# Kann man so runterskalieren?



## Aaron1553 (18. April 2018)

Hi, 
kaufe mir bald einen 4k Monitor für Rendering usw. Pc folgt auch. Dieser wird eine GTX 1070ti beinhalten. Rendering geht 4k klar aber bei Games 4k 75hz ist zu krass für die Graka (FarCry5).
Könnte ich nicht die Auflösung auf WQHD runterskalieren und dann packt sie es wieder? Ist das mögl?

LG


----------



## HisN (18. April 2018)

Der 4K  Monitor und/oder die Graka können auch jede beliebige Auflösung unterhalb von 4k bedienen.
Ich würde eher Features statt Auflösung aufgeben.

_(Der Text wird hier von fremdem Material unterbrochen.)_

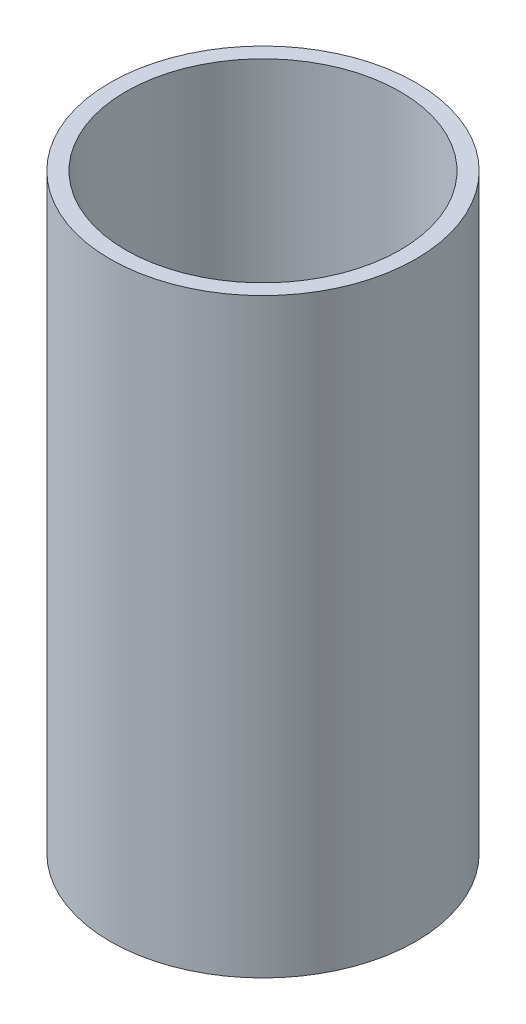
from build123d import *

# Parameters (mm, degrees)
SKETCH1_R           = 42.5
BOSS_EXTRUDE1_DEPTH = 164.294950148
SKETCH2_R           = 38.147213779
CUT_EXTRUDE1_DEPTH  = 175.943792814


with BuildPart() as part:
    # Sketch1 → Boss-Extrude1 (new body)
    with BuildSketch(Plane(origin=(0, 0, 0), x_dir=(1, 0, 0), z_dir=(0, 1, 0))):
        Circle(SKETCH1_R)
    extrude(amount=BOSS_EXTRUDE1_DEPTH)

    # Sketch2 → Cut-Extrude1 (cut, through all)
    with BuildSketch(Plane(origin=(0, 0, 0), x_dir=(1, 0, 0), z_dir=(0, 1, 0))):
        Circle(SKETCH2_R)
    extrude(amount=CUT_EXTRUDE1_DEPTH, mode=Mode.SUBTRACT)


solid = part.part

Du hast doch in der Hand wie es läuft.




			Dieser Inhalt steht nur eingeloggten Mitgliedern zur Verfügung.
        




			Dieser Inhalt steht nur eingeloggten Mitgliedern zur Verfügung.
        




			Dieser Inhalt steht nur eingeloggten Mitgliedern zur Verfügung.
        



Wenn es wirklich nicht geht, nutze ich z.b. 3820*1648 unskaliert. Also mit Balken. Bleibt scharf, sind aber 25% weniger Pixel.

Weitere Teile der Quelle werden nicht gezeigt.